就社会的职业来说,企业的头儿,机关的领导要有人做,而扛枪站岗是战士的职责,我当农民就尽到做农民的职责,做工人、做商人,就尽到做工人、做商人的职责,这对国家、对社会的价值,与做头儿做领导各尽其责,是等量齐观的。
庄子说:“天下没有以秋毫之末为大,以泰山为小的,也没有以殇子为长寿,以彭祖为短命的。因其所大而大的,万物就不会不大,因其所小而小的,万物就不会不校”大小在自我的本体上,而不在他人的观念上,也不在名与不名,知与不知上。
做人只是做人,千万不要为名声而做人,不要为了求人知道而做人。培根说:“虚荣的人为智者所轻蔑,愚者所叹服,阿谀者所崇拜,而为自己的虚荣所奴役。”老子说:“知道我的人不多,就显示了我的尊贵。”知道我的人多,作为我,也就过于平庸浅薄了,所以容易被人知。知道我的人少,作为我,也就高深莫测,别人难以了解,所以尊贵。而且世人多数是近视鄙见,这样的名与知,誉与毁,又怎么能增加与减损我本质上的大小呢?
在第二次世界大战中,丘吉尔因为有卓越功勋,战后在他退位时,英国国会打算通过提案,塑造一尊他的铜像放在公园里供游人景仰。一般人享此殊荣,高兴还来不及,丘吉尔却一口拒绝了。他说:“多谢大家的好意,我怕鸟儿在我的铜像上拉粪,那是多么的有煞风景埃所以我看还是免了吧!”伟大的人物、不朽的功勋只有经历史检验才记得祝建造塑像不见得会使你的形象更加伟大,不见得会使你的名声更加响亮。可是,只要自己对人类、对国家、对民族有贡献,就是不得名、不得利,也不能增减丝毫的贡献。黄金、美玉埋在土中,人们知道它是金玉它就是金玉,人们不知道它是金玉它还是金玉,人为地抬高它的价值或贬低它的价值,对金玉本身也不能增减丝毫。“黄钟毁弃,瓦缶雷鸣”,我国封建时代许多皇帝是“瓦缶”,“黄钟大吕”难有成就。

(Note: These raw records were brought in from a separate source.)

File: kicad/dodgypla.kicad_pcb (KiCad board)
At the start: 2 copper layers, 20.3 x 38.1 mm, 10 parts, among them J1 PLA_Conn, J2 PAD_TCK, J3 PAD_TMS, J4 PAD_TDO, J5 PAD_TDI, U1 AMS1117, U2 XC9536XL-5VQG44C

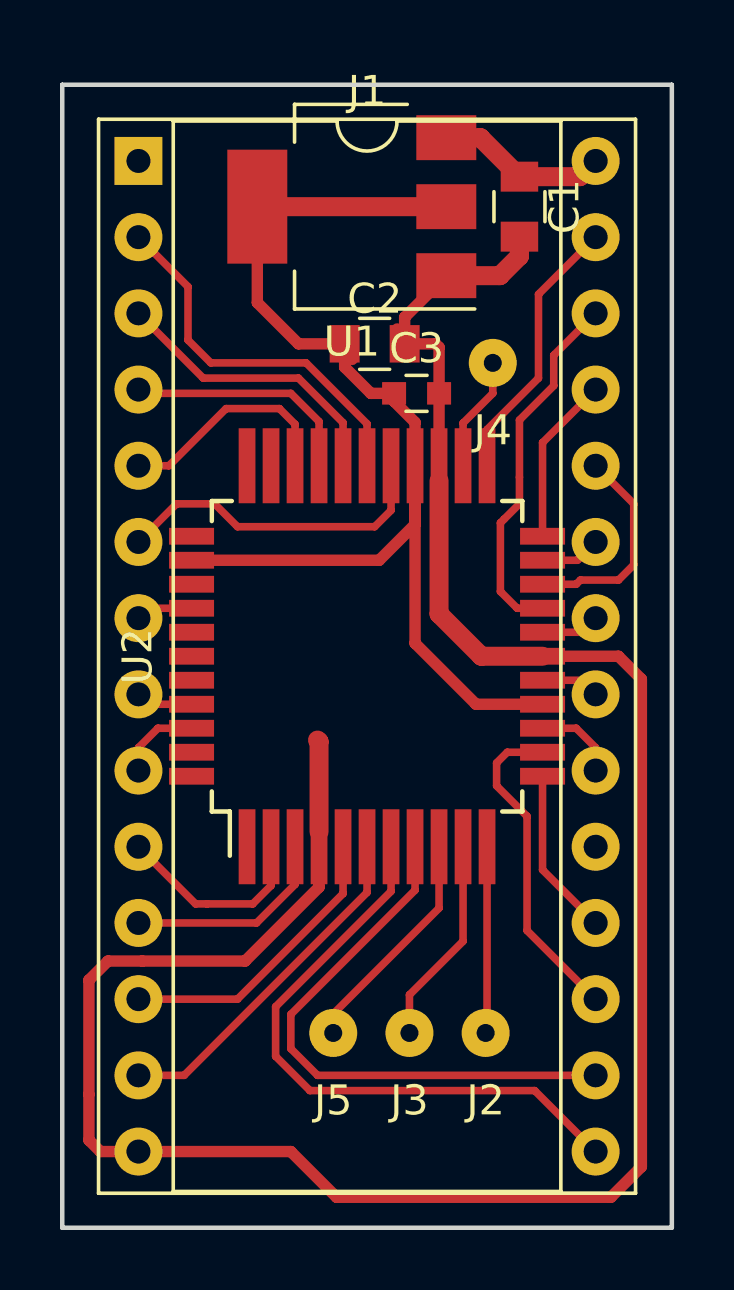
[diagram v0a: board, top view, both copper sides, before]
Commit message: Converting to two-layer board for PCB manufacturing.
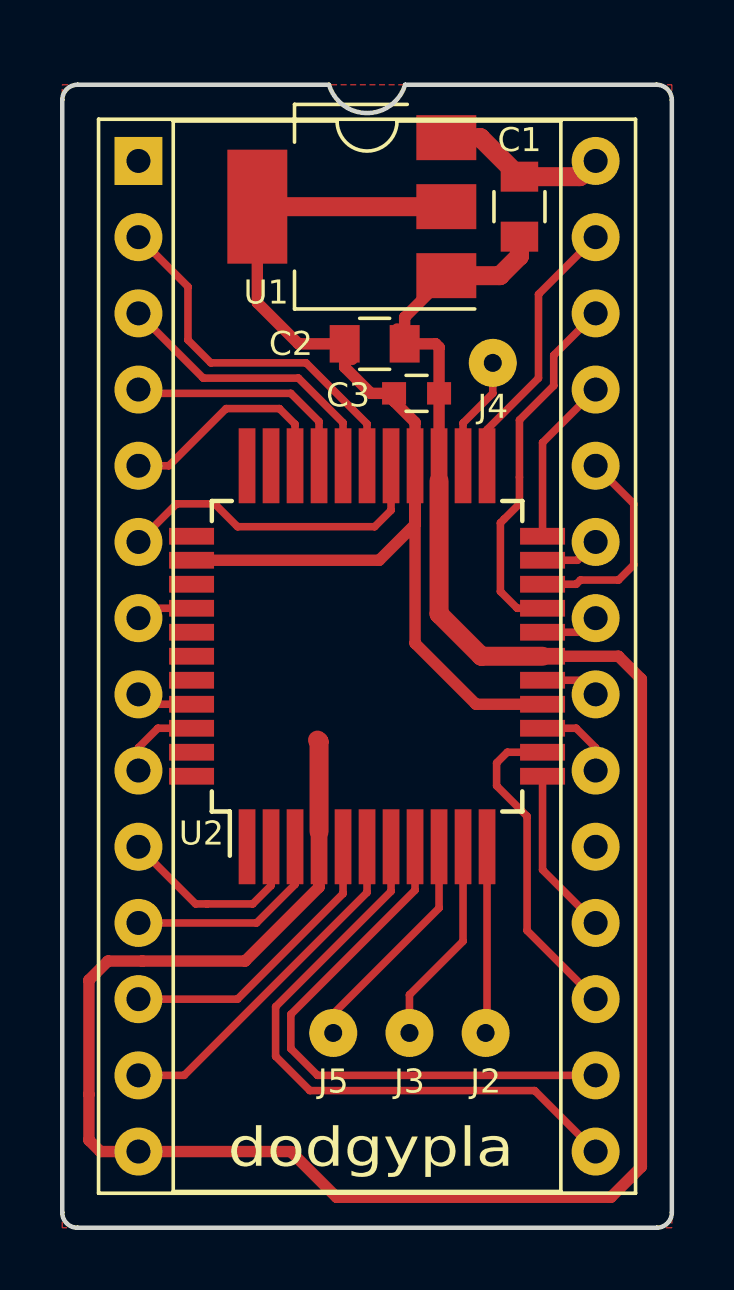
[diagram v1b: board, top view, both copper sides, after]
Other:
- outline, holes or cut-outs redrawn
- board text added: "dodgypla"
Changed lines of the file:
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@@
-(kicad_pcb (version 4) (host pcbnew 4.0.7)
+(kicad_pcb (version 20171130) (host pcbnew "(5.1.0)-1")
   (general
-    (links 43)
-    (no_connects 0)
-    (area 120.889523 74.346 143.270477 117.324)
     (thickness 1.6)
-    (drawings 5)
+    (drawings 12)
     (tracks 186)
     (zones 0)
@@
   )
   (setup
-    (last_trace_width 0.381)
+    (last_trace_width 0.254)
     (user_trace_width 0.381)
     (user_trace_width 0.635)
@@
     (zone_45_only no)
     (trace_min 0.2)
-    (segment_width 0.2)
-    (edge_width 0.15)
     (via_size 0.6)
     (via_drill 0.4)
@@
     (uvia_min_size 0.2)
     (uvia_min_drill 0.1)
+    (edge_width 0.15)
+    (segment_width 0.2)
     (pcb_text_width 0.3)
     (pcb_text_size 1.5 1.5)
@@
     (pad_to_mask_clearance 0.2)
     (aux_axis_origin 0 0)
-    (visible_elements 7FFFF7FF)
+    (visible_elements 7FFFFFFF)
     (pcbplotparams
       (layerselection 0x00000_00000001)
       (usegerberextensions false)
+      (usegerberattributes false)
+      (usegerberadvancedattributes false)
+      (creategerberjobfile false)
       (excludeedgelayer true)
       (linewidth 0.100000)
@@
       (hpglpennumber 1)
       (hpglpenspeed 20)
-      (hpglpendiameter 15)
-      (hpglpenoverlay 2)
+      (hpglpendiameter 15.000000)
       (psnegative false)
       (psa4output false)
@@
       (drillshape 1)
       (scaleselection 1)
-      (outputdirectory out/))
+      (outputdirectory "out/"))
   )
   (net 0 "")
@@
     (descr "28-lead though-hole mounted DIP package, row spacing 15.24 mm (600 mils), Socket")
     (tags "THT DIP DIL PDIP 2.54mm 15.24mm 600mil Socket")
-    (fp_text reference J1 (at 7.62 -2.33) (layer F.SilkS)
+    (fp_text reference J1 (at 0.0635 -1.651) (layer F.SilkS) hide
       (effects (font (size 1 1) (thickness 0.15)))
     )
@@
     (tags "capacitor 0603")
     (attr smd)
-    (fp_text reference C3 (at 0 -1.5) (layer F.SilkS)
-      (effects (font (size 1 1) (thickness 0.15)))
+    (fp_text reference C3 (at -2.286 0.0635) (layer F.SilkS)
+      (effects (font (size 0.8 0.8) (thickness 0.12)))
     )
     (fp_text value 0.1uF (at 0 1.5) (layer F.Fab)
@@
     (descr "solder Pin_ diameter 1.0mm, hole diameter 1.0mm (press fit), length 10.0mm")
     (tags "solder Pin_ press fit")
-    (fp_text reference J2 (at 0 2.25) (layer F.SilkS)
-      (effects (font (size 1 1) (thickness 0.15)))
+    (fp_text reference J2 (at 0 1.615) (layer F.SilkS)
+      (effects (font (size 0.8 0.8) (thickness 0.12)))
     )
     (fp_text value PAD_TCK (at 0 -2.05) (layer F.Fab)
@@
     (descr "solder Pin_ diameter 1.0mm, hole diameter 1.0mm (press fit), length 10.0mm")
     (tags "solder Pin_ press fit")
-    (fp_text reference J3 (at 0 2.25) (layer F.SilkS)
-      (effects (font (size 1 1) (thickness 0.15)))
+    (fp_text reference J3 (at 0 1.615) (layer F.SilkS)
+      (effects (font (size 0.8 0.8) (thickness 0.12)))
     )
     (fp_text value PAD_TMS (at 0 -2.05) (layer F.Fab)
@@
     (descr "solder Pin_ diameter 1.0mm, hole diameter 1.0mm (press fit), length 10.0mm")
     (tags "solder Pin_ press fit")
-    (fp_text reference J4 (at 0 2.25) (layer F.SilkS)
-      (effects (font (size 1 1) (thickness 0.15)))
+    (fp_text reference J4 (at 0 1.4605) (layer F.SilkS)
+      (effects (font (size 0.8 0.8) (thickness 0.12)))
     )
     (fp_text value PAD_TDO (at 0 -2.05) (layer F.Fab)
@@
     (descr "solder Pin_ diameter 1.0mm, hole diameter 1.0mm (press fit), length 10.0mm")
     (tags "solder Pin_ press fit")
-    (fp_text reference J5 (at 0 2.25) (layer F.SilkS)
-      (effects (font (size 1 1) (thickness 0.15)))
+    (fp_text reference J5 (at 0 1.615) (layer F.SilkS)
+      (effects (font (size 0.8 0.8) (thickness 0.12)))
     )
     (fp_text value PAD_TDI (at 0 -2.05) (layer F.Fab)
@@
     (tags "CMS SOT")
     (attr smd)
-    (fp_text reference U1 (at 0 -4.5 180) (layer F.SilkS)
-      (effects (font (size 1 1) (thickness 0.15)))
+    (fp_text reference U1 (at 2.8575 -2.8575 180) (layer F.SilkS)
+      (effects (font (size 0.8 0.8) (thickness 0.12)))
     )
     (fp_text value AMS1117 (at 0 4.5 180) (layer F.Fab)
@@
     (tags "capacitor 0805")
     (attr smd)
-    (fp_text reference C1 (at 0 -1.5 270) (layer F.SilkS)
-      (effects (font (size 1 1) (thickness 0.15)))
+    (fp_text reference C1 (at -2.2225 0) (layer F.SilkS)
+      (effects (font (size 0.8 0.8) (thickness 0.12)))
     )
     (fp_text value 3.3uF (at 0 1.75 270) (layer F.Fab)
@@
     (tags "capacitor 0805")
     (attr smd)
-    (fp_text reference C2 (at 0 -1.5) (layer F.SilkS)
-      (effects (font (size 1 1) (thickness 0.15)))
+    (fp_text reference C2 (at -2.794 0) (layer F.SilkS)
+      (effects (font (size 0.8 0.8) (thickness 0.12)))
     )
     (fp_text value 3.3uF (at 0 1.75) (layer F.Fab)
@@
     (tags "QFP 0.8")
     (attr smd)
-    (fp_text reference U2 (at 0 -7.65 90) (layer F.SilkS)
-      (effects (font (size 1 1) (thickness 0.15)))
+    (fp_text reference U2 (at -5.9055 -5.5245 180) (layer F.SilkS)
+      (effects (font (size 0.8 0.8) (thickness 0.12)))
     )
     (fp_text value XC9536XL-5VQG44C (at 0 7.65 90) (layer F.Fab)
@@
     )
   )
+  (gr_text dodgypla (at 131.572 113.792) (layer F.SilkS)
+    (effects (font (size 1.3 1.5) (thickness 0.3)))
+  )
+  (gr_arc (start 141.097 115.951) (end 141.097 116.459) (angle -90) (layer Edge.Cuts) (width 0.15))
+  (gr_arc (start 121.793 115.951) (end 121.285 115.951) (angle -90) (layer Edge.Cuts) (width 0.15))
+  (gr_arc (start 121.793 78.867) (end 121.793 78.359) (angle -90) (layer Edge.Cuts) (width 0.15))
+  (gr_arc (start 141.097 78.867) (end 141.605 78.867) (angle -90) (layer Edge.Cuts) (width 0.15))
+  (gr_arc (start 131.445 77.978) (end 130.175001 78.358999) (angle -146.6015115) (layer Edge.Cuts) (width 0.15))
+  (gr_line (start 141.097 78.359) (end 132.715 78.359) (layer Edge.Cuts) (width 0.15))
+  (gr_line (start 121.793 78.359) (end 130.175 78.359) (layer Edge.Cuts) (width 0.15))
   (gr_text "NOTE: This board is designed\nfor home etching" (at 132.08 75.946) (layer Cmts.User)
     (effects (font (size 1 1) (thickness 0.15)))
   )
-  (gr_line (start 121.285 116.459) (end 121.285 78.359) (angle 90) (layer Edge.Cuts) (width 0.15))
-  (gr_line (start 141.605 116.459) (end 121.285 116.459) (angle 90) (layer Edge.Cuts) (width 0.15))
-  (gr_line (start 141.605 78.359) (end 141.605 116.459) (angle 90) (layer Edge.Cuts) (width 0.15))
-  (gr_line (start 121.285 78.359) (end 141.605 78.359) (angle 90) (layer Edge.Cuts) (width 0.15))
+  (gr_line (start 121.285 115.951) (end 121.285 78.867) (angle 90) (layer Edge.Cuts) (width 0.15))
+  (gr_line (start 141.097 116.459) (end 121.793 116.459) (angle 90) (layer Edge.Cuts) (width 0.15))
+  (gr_line (start 141.605 78.867) (end 141.605 115.951) (angle 90) (layer Edge.Cuts) (width 0.15))
   (segment (start 136.525 81.423) (end 138.541 81.423) (width 0.635) (layer F.Cu) (net 1))
   (segment (start 138.541 81.423) (end 139.065 80.899) (width 0.635) (layer F.Cu) (net 1))

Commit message: Converting to two-layer board for PCB manufacturing.
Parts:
- U2: value XC9536XL-5VQG44C -> XC9536XL-10VQ44C
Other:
- board text removed: "NOTE: This board is designed for home etching"
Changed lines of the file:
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@@
   (general
     (thickness 1.6)
-    (drawings 12)
+    (drawings 11)
     (tracks 186)
     (zones 0)
@@
       (effects (font (size 0.8 0.8) (thickness 0.12)))
     )
-    (fp_text value XC9536XL-5VQG44C (at 0 7.65 90) (layer F.Fab)
+    (fp_text value XC9536XL-10VQ44C (at 0 7.65 90) (layer F.Fab)
       (effects (font (size 1 1) (thickness 0.15)))
     )
@@
   (gr_line (start 141.097 78.359) (end 132.715 78.359) (layer Edge.Cuts) (width 0.15))
   (gr_line (start 121.793 78.359) (end 130.175 78.359) (layer Edge.Cuts) (width 0.15))
-  (gr_text "NOTE: This board is designed\nfor home etching" (at 132.08 75.946) (layer Cmts.User)
-    (effects (font (size 1 1) (thickness 0.15)))
-  )
   (gr_line (start 121.285 115.951) (end 121.285 78.867) (angle 90) (layer Edge.Cuts) (width 0.15))
   (gr_line (start 141.097 116.459) (end 121.793 116.459) (angle 90) (layer Edge.Cuts) (width 0.15))

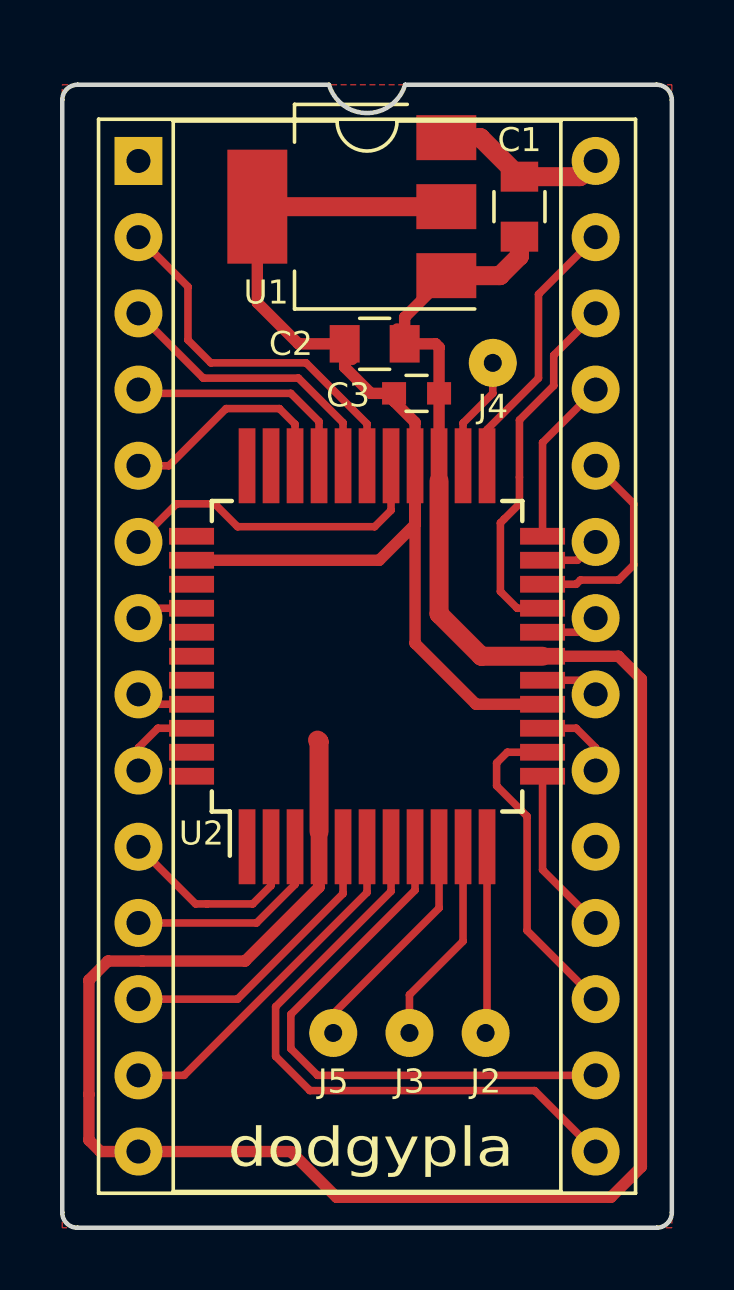
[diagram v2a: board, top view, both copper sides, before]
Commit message: Converting to two-layer board for PCB manufacturing.
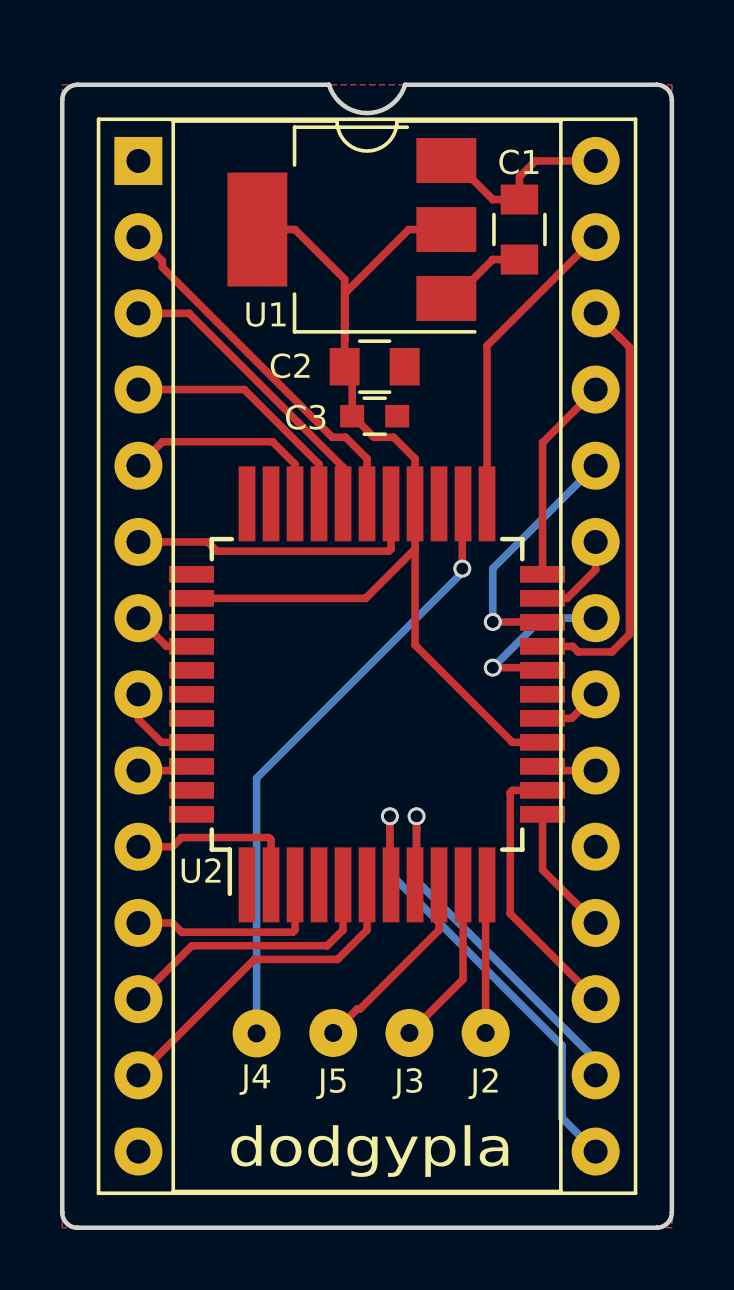
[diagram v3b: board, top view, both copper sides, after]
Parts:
- moved J4 23.7 mm to (127.8, 110.0)
- moved C3 1.59 mm to (131.7, 89.4)
- moved U2 1.27 mm to (131.4, 98.7)
- moved C1 0.76 mm to (136.5, 83.2)
- moved C2 0.76 mm to (131.7, 87.8)
- moved U1 0.76 mm to (130.9, 83.2)
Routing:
- net GND: track 80.9 -> 2.98 mm
- net /JTAG_TDO: track 3.84 -> 20.5 mm, vias 0 -> 1
- net /PLA_KERNAL: track 19.5 -> 13.4 mm, vias 0 -> 1
- net /PLA_CHAROM: track 20.8 -> 16.3 mm, vias 0 -> 1
- net /PLA_GAME: track 1.96 -> 5.81 mm, vias 0 -> 1
- net +3V3: track 40.0 -> 36.7 mm
- net /JTAG_TMS: track 8.57 -> 5.68 mm
- net /JTAG_TDI: track 9.32 -> 6.45 mm
- net /PLA_BA: track 12.2 -> 14.4 mm
- net /PLA_ROMH: track 7.92 -> 6.08 mm
- net /JTAG_TCK: track 6.73 -> 4.96 mm
- net /PLA_BASIC: track 10.9 -> 9.17 mm
- net /PLA_VA14: track 8.73 -> 7.18 mm
- net /PLA_A13: track 13.6 -> 12.3 mm
- net /PLA_A14: track 11.4 -> 10.2 mm
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- added copper zone on B.Cu, net GND

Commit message: Converting to two-layer board for PCB manufacturing.
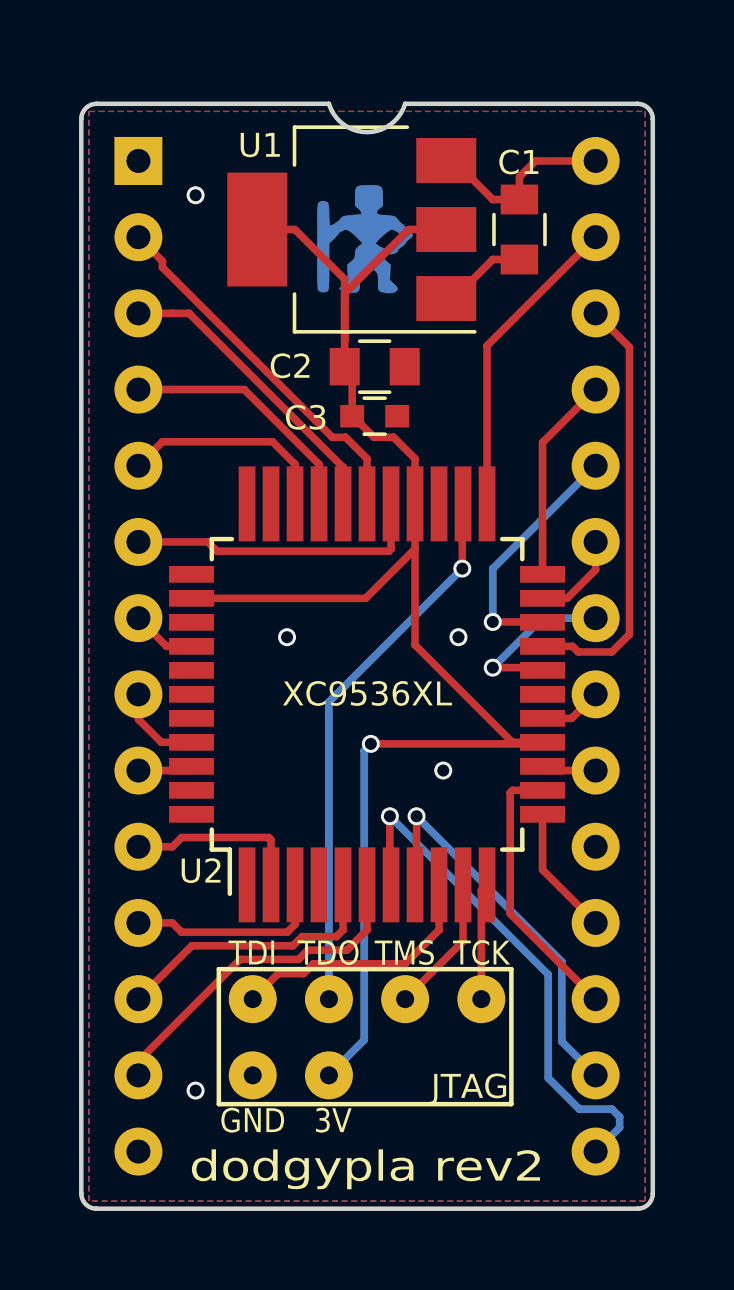
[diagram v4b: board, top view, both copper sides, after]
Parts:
- removed J3: PAD_TMS, desaster_footprints:testpad_1.6mm
- removed J4: PAD_TDO, desaster_footprints:testpad_1.6mm
- removed J5: PAD_TDI, desaster_footprints:testpad_1.6mm
- added G***: LOGO, Logo:bigby2, B.Cu at (131.3, 83.4)
- J2: value PAD_TCK -> JTAG; footprint desaster_footprints:testpad_1.6mm -> Pin_Headers:Pin_Header_Straight_2x04_Pitch2.54mm
- U1: footprint TO_SOT_Packages_SMD:SOT-223-3Lead_TabPin2 -> TO_SOT_Packages_SMD:SOT-223-3_TabPin2
- U2: value XC9536XL-10VQ44C -> XC9536XL
- moved J2 1.14 mm to (135.3, 108.8), turned to 270 degrees
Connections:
- J1 pad 1: /PLA_FE -> (no net)
- J1 pad 19: /PLA_OE -> (no net)
- U2 pad 1: Net-(U2-Pad1) -> (no net)
- U2 pad 32: Net-(U2-Pad32) -> (no net)
- U2 pad 33: Net-(U2-Pad33) -> (no net)
- U2 pad 34: Net-(U2-Pad34) -> (no net)
- U2 pad 36: Net-(U2-Pad36) -> (no net)
- U2 pad 38: Net-(U2-Pad38) -> (no net)
- U2 pad 39: Net-(U2-Pad39) -> (no net)
- U2 pad 40: Net-(U2-Pad40) -> (no net)
- U2 pad 43: Net-(U2-Pad43) -> (no net)
- U2 pad 44: Net-(U2-Pad44) -> (no net)
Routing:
- net +3V3: track 36.7 -> 54.1 mm, vias 0 -> 1
- net /JTAG_TDI: track 6.45 -> 8.67 mm
- net /JTAG_TDO: track 20.5 -> 18.5 mm
- net /PLA_CHAROM: track 16.3 -> 17.6 mm
- net /JTAG_TCK: track 4.96 -> 3.89 mm
- net /JTAG_TMS: track 5.68 -> 4.61 mm
- net GND: vias 0 -> 5
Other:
- board size 20.3 x 38.1 mm -> 19 x 36.8 mm
- board text added: "3V"
- board text added: "GND"
- board text added: "TCK"
- board text added: "TDI"
- board text added: "TDO"
- board text added: "TMS"
- board text added: "dodgypla rev2"
- board text added: "github.com/hackup/c64-dodgypla credits: desaster, nightfall"
- board text removed: "dodgypla"

孔子是春秋时一流的人物,却难以在祖国立身,只得周游列国,而列国也不肯任用他,使得孔子一身的才华无处施展。岂不知,在当时才华被埋没的像孔子这样的人,社会上不知道有多少。所以说人类历史上真正伟大的人才,经常被埋没在无声无息、无名无知的普通人群之中,没有得到合理的任用。可是在当时,人们做人的要旨,就是宁做毁弃的黄钟,也不做雷鸣的瓦缶。天玄子说:“安小处卑,就不会遭到怨恨;好大争高,往往招惹是非;争名夺利,容易丧失自身;守住雌柔,令人尊敬。”这几句话可以作为精妙的“处世四诀”,做人要安心于做小事,自安于卑下的地位。能自安于做小事,处下位的人,他为人处世就无嫉妒、无强求,也就无怨恨、无过失了。我们要乐于做小事、处下位,并不是要求不长进,而是要在小事中做出大事来,在下位中做出高明来。
在忙碌与奔劳的生活中,我们要能了解自己是在“为工作、为事业”而忙,还是在“为名声、为利欲”而忙?有人忙来忙去,只是为了名利。有人所忙的是除了为生活之外,还能充分发挥自己的天赋,对社会大众有所贡献。目的不同,心情也就不同。前者烦热,后者清凉,雪莱说:“品格可能在重大的时刻中表现出来,但它却是在无关紧要的时刻形成的。”